The schools of smaller Pompano(10" and smaller) usually precede the 'bull' or legal Pompano. This has been my theory based on personal observation. It isn't chiseled in stone.

I haven't checked the water temperature lately, but cooling water usually pushes them through. The smaller ones will be long gone.

Just hang in there and hope for the best. JMHO C2


----------



## Pompano Joe (Jan 28, 2009)

Let me know if you want to talk R & R. I'm always up for that. Seems like the evening bite is where it's at right now, so if you get some time to fish one evening, we could do that, too. I'm totally flexible this week.


----------



## Charlie2 (Oct 2, 2007)

*Talking Rods and Reels*

PJ;

I speak R&R also, as Jim can attest. Don't get me started. I build and always willing to exchange ideas. C2


----------



## Pompano Joe (Jan 28, 2009)

Thanks for the PM Charlie. We'll hook up. 

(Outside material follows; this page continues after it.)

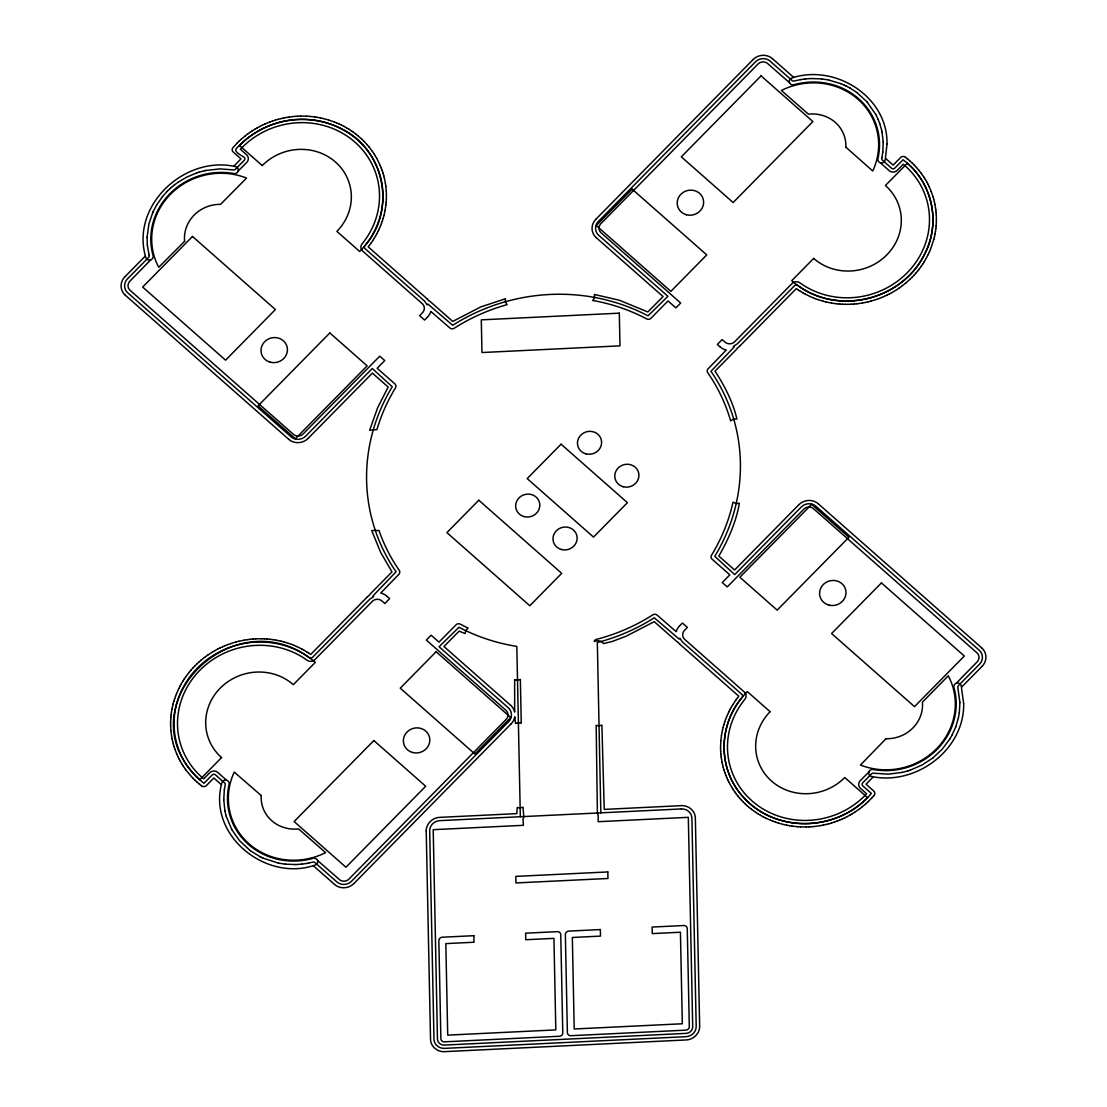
<?xml version="1.0" encoding="UTF-8"?>
<svg xmlns="http://www.w3.org/2000/svg" width="1107" height="1107" viewBox="0 0 1107 1107"><rect width="100%" height="100%" fill="white"/><g stroke="black" fill="none" stroke-linecap="round" stroke-linejoin="round"><path stroke-width="1.5" d="M147.106 237.23L147.328 245.007M170.616 722.567L170.686 720.02M386.343 199.592L386.412 197.032M720.588 746.049L720.837 740.804M936.384 220.514L936.135 225.773M147.106 237.216L148.892 223.932L152.904 212.157M170.699 719.868L170.865 717.322M386.163 202.277L386.329 199.73M170.879 717.184L171.128 714.624M385.9 204.975L386.149 202.429M720.851 740.666L721.46 735.435M935.872 228.457L936.121 225.911M882.819 152.116L883.206 142.097M224.334 789.858L223.752 799.877M882.805 152.129L881.919 157.651M959.34 712.534L959.907 702.53M171.156 714.485L171.488 711.939M385.873 205.113L385.084 210.33M935.512 231.142L935.844 228.595M224.334 789.844L225.205 784.877A2.311 2.172 -15.4 0 0 224.541 782.884L215.422 774.831A2.311 2.172 -15.4 0 0 212.157 774.997L203.965 783.313C119.431 713.711 228.623 598.61 309.323 657.669A2.311 2.172 -15.4 0 0 312.437 657.406L369.696 599.247L373.696 596.673L372.907 595.981L396.057 571.779A187.692 176.483 -15.4 0 1 392.238 386.744L372.284 368.493L305.726 436.089C301.976 440.046 295.126 440.517 291.044 436.808L127.748 292.815C123.569 289.384 123.583 282.548 127.457 278.909L148.573 257.461A2.311 2.172 -15.4 0 0 149.141 255.413L149.002 254.873M959.34 712.562L958.358 718.069M171.516 711.801L171.945 709.269M721.487 735.297L722.456 730.094M935.055 233.812L935.484 231.28M171.972 709.13L172.484 706.612M384.544 212.987L385.056 210.468M934.516 236.469L935.028 233.951M881.919 157.664L881.795 158.218A2.311 2.172 -15.4 0 0 882.459 160.211L891.578 168.25A2.311 2.172 -15.4 0 0 894.843 168.098L903.035 159.768C931.554 180.289 941.393 222.023 925.065 253.268C903.686 299.499 838.386 316.076 797.677 285.412A2.311 2.172 -15.4 0 0 794.563 285.689L737.304 343.848L733.304 346.408L734.093 347.1L710.943 371.302A187.692 176.483 -15.4 0 1 714.762 556.337L734.716 574.602L801.274 506.992C805.024 503.035 811.874 502.578 815.956 506.286L979.252 650.266C983.403 653.683 983.417 660.492 979.584 664.145L958.427 685.62A2.311 2.172 -15.4 0 0 957.859 687.668L959.907 702.502M958.358 718.083L955.798 726.718M172.512 706.474L173.121 703.969M383.908 215.63L384.516 213.125M722.484 729.956L723.092 727.451M933.879 239.126L934.488 236.621M173.162 703.831L173.841 701.34M383.188 218.259L383.866 215.768M723.134 727.313L723.812 724.822M933.838 239.264L930.447 249.49M173.882 701.201L174.657 698.738M382.372 220.86L383.147 218.397M723.853 724.684L724.628 722.221M174.712 698.6L175.556 696.151M381.472 223.448L382.316 220.999M724.684 722.082L725.528 719.633M955.798 726.746L952.089 735.02M175.612 696.012L176.553 693.591M380.476 226.008L381.417 223.586M725.583 719.508L726.524 717.087M238.143 171.059L246.847 162.342A5.77 5.424 -15.4 0 0 246.695 154.869L240.385 149.307L241.949 147.66A80.271 75.484 -15.4 0 1 352.095 139.759A80.271 75.484 -15.4 0 1 362.363 243.526A8.358 7.86 -15.4 0 0 362.086 243.844A5.77 5.424 -15.4 0 0 362.543 250.971L422.694 304.051A6.933 6.517 -15.4 0 1 422.86 312.34L419.622 315.675L424.604 320.061L427.371 317.252M868.857 772.022L860.153 780.739A5.77 5.424 -15.4 0 0 860.305 788.212L866.615 793.774L865.051 795.421A80.271 75.484 -15.4 0 1 754.905 803.322A80.271 75.484 -15.4 0 1 744.637 699.569A8.358 7.86 -15.4 0 0 744.914 699.237A5.77 5.424 -15.4 0 0 744.457 692.124L684.306 639.03A6.933 6.517 -15.4 0 1 684.14 630.741L687.378 627.406L682.396 623.02L679.629 625.842M176.608 693.466L178.794 688.582M379.397 228.526L380.421 226.132M726.579 716.949L727.603 714.555M929.368 252.022L930.392 249.629M152.918 212.143L156.585 205.072M378.234 231.017L379.341 228.665M928.206 254.513L929.313 252.147M727.659 714.43L728.766 712.064M376.989 233.48L378.179 231.155M178.85 688.443L180.04 686.119M928.15 254.638L924.22 261.764M728.821 711.939L730.011 709.601M952.089 735.034L949.82 738.992M375.66 235.902L376.92 233.605M180.109 685.994L181.368 683.697M730.08 709.476L731.34 707.179M374.249 238.282L375.591 236.026M181.437 683.572L182.78 681.317M731.409 707.055L732.751 704.799M156.599 205.058L162.508 196.576M949.806 739.019L942.237 749.148L932.91 757.908M372.755 240.62L374.166 238.406M182.863 681.192L184.274 678.978M922.726 264.103L924.137 261.889M732.834 704.675L735.809 700.178M371.191 242.917L372.672 240.745M184.357 678.854L185.838 676.681M921.162 266.4L922.643 264.227M369.544 245.159L371.108 243.028M185.921 676.571L189.2 672.24M919.516 268.641L921.079 266.524M735.892 700.053L737.456 697.922M369.447 245.284L368.202 246.875L426.984 298.724M917.8 270.841L919.419 268.766M737.553 697.811L738.798 696.206L680.016 644.371M162.521 196.562L167.143 191.4M189.297 672.129L190.999 670.095M916.001 272.986L917.703 270.952M873.88 795.642L874.156 795.296A3.459 3.252 -15.4 0 0 873.88 791.118L866.034 784.199L873.34 776.768M592.868 300.481L592.937 300.398A7.514 7.057 -15.4 0 0 594.334 294.434L619.436 300.26L647.858 311.98L663.038 296.551L596.313 237.714M124.814 276.875L124.205 277.566A5.77 5.424 -15.4 0 0 123.929 277.912L123.403 278.618A5.77 5.424 -15.4 0 0 123.154 278.992L122.711 279.739A5.77 5.424 -15.4 0 0 122.503 280.126L122.13 280.929A5.77 5.424 -15.4 0 0 121.964 281.33L121.687 282.147A5.77 5.424 -15.4 0 0 121.562 282.562L121.355 283.406A5.77 5.424 -15.4 0 0 121.272 283.821L121.161 284.679A5.77 5.424 -15.4 0 0 121.133 285.108L121.106 285.966A5.77 5.424 -15.4 0 0 121.106 286.395L121.175 287.239A5.77 5.424 -15.4 0 0 121.23 287.668L121.369 288.512A5.77 5.424 -15.4 0 0 121.466 288.927L121.701 289.743A5.77 5.424 -15.4 0 0 121.853 290.145L122.171 290.933A5.77 5.424 -15.4 0 0 122.351 291.321L122.752 292.068A5.77 5.424 -15.4 0 0 122.974 292.442L123.444 293.147A5.77 5.424 -15.4 0 0 123.707 293.493L124.261 294.158A5.77 5.424 -15.4 0 0 124.551 294.476L125.188 295.099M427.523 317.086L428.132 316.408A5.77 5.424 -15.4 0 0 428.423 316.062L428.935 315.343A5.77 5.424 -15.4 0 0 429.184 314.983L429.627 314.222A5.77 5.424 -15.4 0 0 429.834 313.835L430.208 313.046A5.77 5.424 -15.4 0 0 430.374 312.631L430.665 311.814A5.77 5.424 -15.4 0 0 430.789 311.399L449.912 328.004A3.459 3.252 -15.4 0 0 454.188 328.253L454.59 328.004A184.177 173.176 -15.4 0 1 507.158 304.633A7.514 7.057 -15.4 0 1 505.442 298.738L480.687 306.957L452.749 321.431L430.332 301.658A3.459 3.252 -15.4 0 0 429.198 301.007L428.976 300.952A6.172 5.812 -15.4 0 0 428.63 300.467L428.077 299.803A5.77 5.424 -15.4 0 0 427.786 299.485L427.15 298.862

Caught a couple of more Sail Cats tonight at Perdido Pass. Not as big as the others. I've been fishing the pass at night trying to find some Reds. No luck yet. If it clears up in the morning I'm going to hit the beach again. Some of my crew had a good afternoon at Pensacola Beach Today.


----------



## Charlie2 (Oct 2, 2007)

*Saail Cats in the Surf*

As I posted before, catching a gafftopsail Catfish from the surf is a unknown to me, but things change due to a lot of factors.

We always caught them for food up in the Creek where I grew up. I know of one hole where they stack up like cordwood. Big ones; real 'elbow benders'. C2


----------



## Pompano Joe (Jan 28, 2009)

Fun to catch. I heard they were good to eat, so tried them once. Good meat, but too nasty and slimy for me. Never had to de-slime an ice chest before.


----------



## jcallaham (Dec 13, 2009)

Ikept one, it was okay but next time it's goin back unless I am really desparate.


----------



## Pompano Joe (Jan 28, 2009)

*Wrap up*

Hey guys,

Just wanted to say thanks for the local intel and advice. I'm back in Gulf Breeze, but really did well last week in OBA. Ended up with 22 Pompano, 36 Mullet, 6 Whiting, 5 Blue Fish and a Bull Red over the course of the week. Very pleased considering the weather tanked for several days. 

God bless you guys,


----------



## Charlie2 (Oct 2, 2007)

*Alabama Fishing*

Not bad for a week's catch.

How did you catch the mullet? Cast Net? I have caught them with a flyrod using small white 'flies'. They're a real fight on hook and line.

Good to have you over. Maybe Jim and I will come over to GB one day and decimate your fishing population. C2


----------